Para as mulheres, principalmente, este tão sonhado momento era esperado com muita expectativa, já que teriam finalmente o contato físico aguardado, o afeto sem limites e poderem cumprir com uma das únicas funções exclusivamente materna: o ato de amamentar. Para as puérperas deste estudo a amamentação "eleva o ego" e contribui diretamente para o apego concreto com o filho.

Aspectos complicadores da formação do apego

Categoria 1 - dificuldade inicial para ultrapassar o desafio de serem pais prematuros

As dificuldades começam a surgir quando o homem e a mulher sentem-se de mãos atadas por não terem nada a fazer e ter que aceitar a situação da prematuridade. Os primeiros conflitos que surgem estão relacionados aos sentimentos variados que atingem o casal, talvez mais intensamente à mulher, em decorrência do pós-parto, um período considerado crítico e sensível. Além de todos os sentimentos negativos e temerosos que cercam a expectativa do evento antecipado (ainda que de pleno conhecimento), como o desapontamento e a frustração por não poderem ter um filho "normal, como os outros", é relevante acrescentar que os casais têm seus desejos diluídos pelas características específicas da criança prematura e pelo ambiente impactante da UTI neonatal. Tais sensações, aliadas às demais demandas pós-natais, acabam dificultando o processo de aproximação entre eles e o bebê, postergando certamente "a troca" entre a tríade.

Como subcategorias são apontadas as seguintes: a) sentimentos de culpa, medo e insegurança com relação ao parto e nascimento prematuros – esta subcategoria destaca o processo de luto como sendo algo já inconscientemente esperado, mostrando mesmo que todos os sentimentos negativos e todas as dificuldades dos pais de se adaptarem à nova realidade são inevitáveis.

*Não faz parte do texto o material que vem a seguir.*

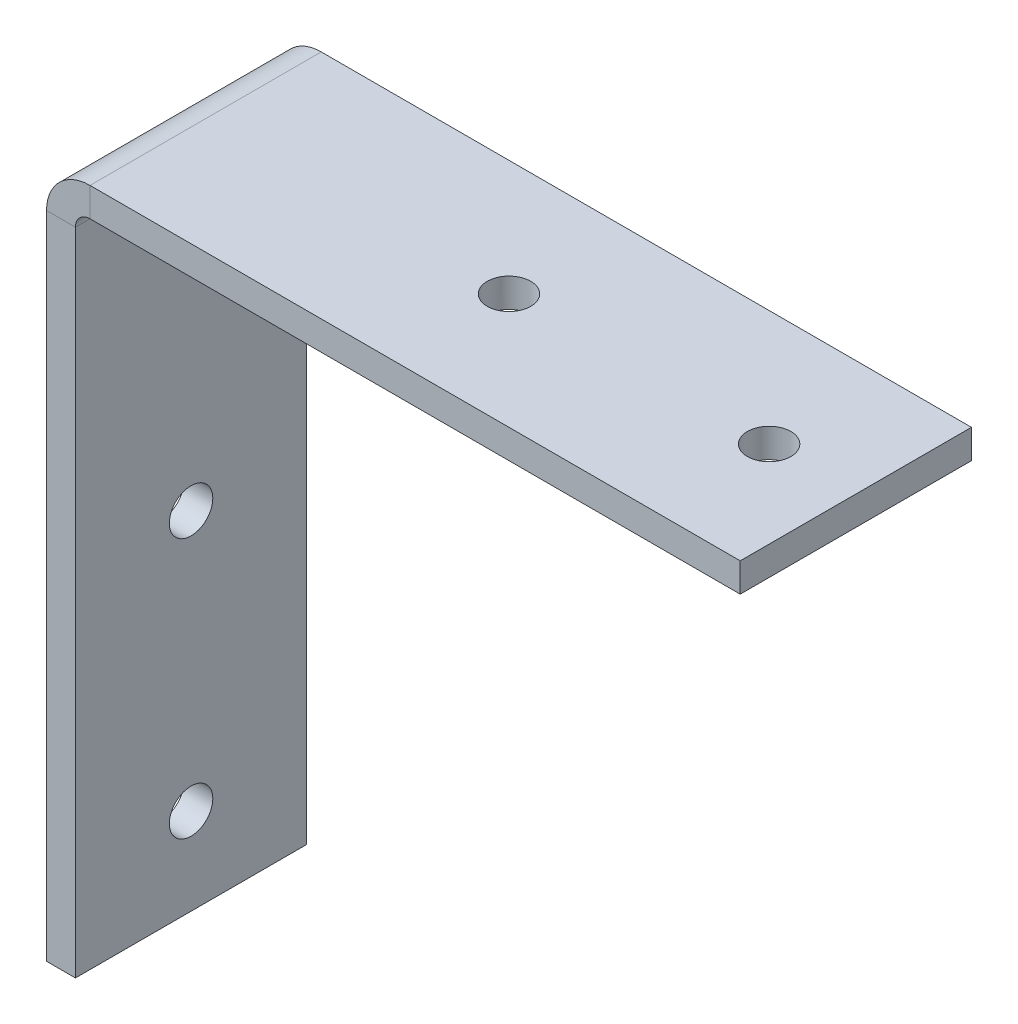
ISO-10303-21;
HEADER;
FILE_DESCRIPTION(('STEP AP214'),'2;1');
FILE_NAME('part.step','',(''),(''),'','','');
FILE_SCHEMA(('AUTOMOTIVE_DESIGN { 1 0 10303 214 1 1 1 1 }'));
ENDSEC;
DATA;
#1=APPLICATION_CONTEXT('core data for automotive mechanical design processes');
#2=APPLICATION_PROTOCOL_DEFINITION('international standard','automotive_design',2000,#1);
#3=PRODUCT_CONTEXT('',#1,'mechanical');
#4=PRODUCT('Part','Part','',(#3));
#5=PRODUCT_RELATED_PRODUCT_CATEGORY('part','',(#4));
#6=PRODUCT_DEFINITION_FORMATION('','',#4);
#7=PRODUCT_DEFINITION_CONTEXT('part definition',#1,'design');
#8=PRODUCT_DEFINITION('design','',#6,#7);
#9=PRODUCT_DEFINITION_SHAPE('','',#8);
#10=(LENGTH_UNIT() NAMED_UNIT(*) SI_UNIT(.MILLI.,.METRE.));
#11=(NAMED_UNIT(*) PLANE_ANGLE_UNIT() SI_UNIT($,.RADIAN.));
#12=(NAMED_UNIT(*) SI_UNIT($,.STERADIAN.) SOLID_ANGLE_UNIT());
#13=UNCERTAINTY_MEASURE_WITH_UNIT(LENGTH_MEASURE(1.E-05),#10,'distance_accuracy_value','');
#14=(GEOMETRIC_REPRESENTATION_CONTEXT(3) GLOBAL_UNCERTAINTY_ASSIGNED_CONTEXT((#13)) GLOBAL_UNIT_ASSIGNED_CONTEXT((#10,
#11,#12)) REPRESENTATION_CONTEXT('',''));
#15=CARTESIAN_POINT('',(0.,0.,0.));
#16=DIRECTION('',(0.,0.,1.));
#17=DIRECTION('',(1.,0.,0.));
#18=AXIS2_PLACEMENT_3D('',#15,#16,#17);
#19=CARTESIAN_POINT('',(0.,-4.7752,-25.4));
#20=DIRECTION('',(0.,0.,-1.));
#21=DIRECTION('',(-1.,0.,0.));
#22=AXIS2_PLACEMENT_3D('',#19,#20,#21);
#23=PLANE('',#22);
#24=DIRECTION('',(1.,0.,0.));
#25=VECTOR('',#24,1.);
#26=CARTESIAN_POINT('',(0.,-4.7752,-25.4));
#27=LINE('',#26,#25);
#28=CARTESIAN_POINT('',(0.,-4.7752,-25.4));
#29=VERTEX_POINT('',#28);
#30=CARTESIAN_POINT('',(3.175,-4.7752,-25.4));
#31=VERTEX_POINT('',#30);
#32=EDGE_CURVE('E11',#29,#31,#27,.T.);
#33=ORIENTED_EDGE('',*,*,#32,.F.);
#34=CARTESIAN_POINT('',(4.7752,-4.7752,-25.4));
#35=DIRECTION('',(0.,0.,1.));
#36=DIRECTION('',(1.,0.,0.));
#37=AXIS2_PLACEMENT_3D('',#34,#35,#36);
#38=CIRCLE('',#37,4.7752);
#39=CARTESIAN_POINT('',(4.7752,0.,-25.4));
#40=VERTEX_POINT('',#39);
#41=EDGE_CURVE('E149',#29,#40,#38,.F.);
#42=ORIENTED_EDGE('',*,*,#41,.T.);
#43=DIRECTION('',(0.,1.,0.));
#44=VECTOR('',#43,1.);
#45=CARTESIAN_POINT('',(4.7752,-3.175,-25.4));
#46=LINE('',#45,#44);
#47=CARTESIAN_POINT('',(4.7752,-3.175,-25.4));
#48=VERTEX_POINT('',#47);
#49=EDGE_CURVE('E41',#48,#40,#46,.T.);
#50=ORIENTED_EDGE('',*,*,#49,.F.);
#51=CARTESIAN_POINT('',(4.7752,-4.7752,-25.4));
#52=DIRECTION('',(0.,0.,1.));
#53=DIRECTION('',(1.,0.,0.));
#54=AXIS2_PLACEMENT_3D('',#51,#52,#53);
#55=CIRCLE('',#54,1.6002);
#56=EDGE_CURVE('E109',#31,#48,#55,.F.);
#57=ORIENTED_EDGE('',*,*,#56,.F.);
#58=EDGE_LOOP('',(#33,#42,#50,#57));
#59=FACE_BOUND('',#58,.T.);
#60=ADVANCED_FACE('F34',(#59),#23,.T.);
#61=CARTESIAN_POINT('',(4.7752,-3.175,-25.4));
#62=DIRECTION('',(0.,0.,-1.));
#63=DIRECTION('',(-1.,0.,0.));
#64=AXIS2_PLACEMENT_3D('',#61,#62,#63);
#65=PLANE('',#64);
#66=DIRECTION('',(0.,1.,0.));
#67=VECTOR('',#66,1.);
#68=CARTESIAN_POINT('',(0.,0.,-25.4));
#69=LINE('',#68,#67);
#70=CARTESIAN_POINT('',(0.,-76.2,-25.4));
#71=VERTEX_POINT('',#70);
#72=EDGE_CURVE('E151',#71,#29,#69,.T.);
#73=ORIENTED_EDGE('',*,*,#72,.T.);
#74=ORIENTED_EDGE('',*,*,#32,.T.);
#75=DIRECTION('',(0.,1.,0.));
#76=VECTOR('',#75,1.);
#77=CARTESIAN_POINT('',(3.175,0.,-25.4));
#78=LINE('',#77,#76);
#79=CARTESIAN_POINT('',(3.17500000000001,-76.2,-25.4));
#80=VERTEX_POINT('',#79);
#81=EDGE_CURVE('E155',#80,#31,#78,.T.);
#82=ORIENTED_EDGE('',*,*,#81,.F.);
#83=DIRECTION('',(-1.,0.,0.));
#84=VECTOR('',#83,1.);
#85=CARTESIAN_POINT('',(3.17500000000001,-76.2,-25.4));
#86=LINE('',#85,#84);
#87=EDGE_CURVE('E153',#80,#71,#86,.T.);
#88=ORIENTED_EDGE('',*,*,#87,.T.);
#89=EDGE_LOOP('',(#73,#74,#82,#88));
#90=FACE_BOUND('',#89,.T.);
#91=ADVANCED_FACE('F202',(#90),#65,.T.);
#92=CARTESIAN_POINT('',(4.7752,0.,0.));
#93=DIRECTION('',(0.,0.,1.));
#94=DIRECTION('',(1.,0.,0.));
#95=AXIS2_PLACEMENT_3D('',#92,#93,#94);
#96=PLANE('',#95);
#97=DIRECTION('',(0.,-1.,0.));
#98=VECTOR('',#97,1.);
#99=CARTESIAN_POINT('',(4.7752,0.,0.));
#100=LINE('',#99,#98);
#101=CARTESIAN_POINT('',(4.7752,0.,0.));
#102=VERTEX_POINT('',#101);
#103=CARTESIAN_POINT('',(4.7752,-3.175,0.));
#104=VERTEX_POINT('',#103);
#105=EDGE_CURVE('E121',#102,#104,#100,.T.);
#106=ORIENTED_EDGE('',*,*,#105,.F.);
#107=CARTESIAN_POINT('',(4.7752,-4.7752,0.));
#108=DIRECTION('',(0.,0.,1.));
#109=DIRECTION('',(1.,0.,0.));
#110=AXIS2_PLACEMENT_3D('',#107,#108,#109);
#111=CIRCLE('',#110,4.7752);
#112=CARTESIAN_POINT('',(0.,-4.7752,0.));
#113=VERTEX_POINT('',#112);
#114=EDGE_CURVE('E131',#113,#102,#111,.F.);
#115=ORIENTED_EDGE('',*,*,#114,.F.);
#116=DIRECTION('',(-1.,0.,0.));
#117=VECTOR('',#116,1.);
#118=CARTESIAN_POINT('',(3.175,-4.7752,0.));
#119=LINE('',#118,#117);
#120=CARTESIAN_POINT('',(3.175,-4.7752,0.));
#121=VERTEX_POINT('',#120);
#122=EDGE_CURVE('E162',#121,#113,#119,.T.);
#123=ORIENTED_EDGE('',*,*,#122,.F.);
#124=CARTESIAN_POINT('',(4.7752,-4.7752,0.));
#125=DIRECTION('',(0.,0.,1.));
#126=DIRECTION('',(1.,0.,0.));
#127=AXIS2_PLACEMENT_3D('',#124,#125,#126);
#128=CIRCLE('',#127,1.6002);
#129=EDGE_CURVE('E142',#121,#104,#128,.F.);
#130=ORIENTED_EDGE('',*,*,#129,.T.);
#131=EDGE_LOOP('',(#106,#115,#123,#130));
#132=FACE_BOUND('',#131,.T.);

Porém, durante o decorrer desta pesquisa ficou evidenciada a necessidade da equipe conduzir a família em cada etapa da internação, reaproximando-os da criança e incentivando os pais, individualmente e/ou coletivamente, a superarem diariamente suas dificuldades; b) desapontamento frente à impossibilidade de acolherem o filho ao nascer – ressalta que no pensamento dos pais esse momento se configura como sendo um período de isolamento entre eles e o bebê, em que lhes é retirada a possibilidade de tocarem e cortejarem a criança, fazendo perder todo o sentido do preparo para o nascimento, de acolhimento dos primeiros minutos de vida daquele ser que foi gerado, na maioria das vezes, com tanto amor e carinho. A separação da tríade faz aumentar os questionamentos relacionados à sobrevivência e exacerba sentimentos negativos, como os de ansiedade e insegurança.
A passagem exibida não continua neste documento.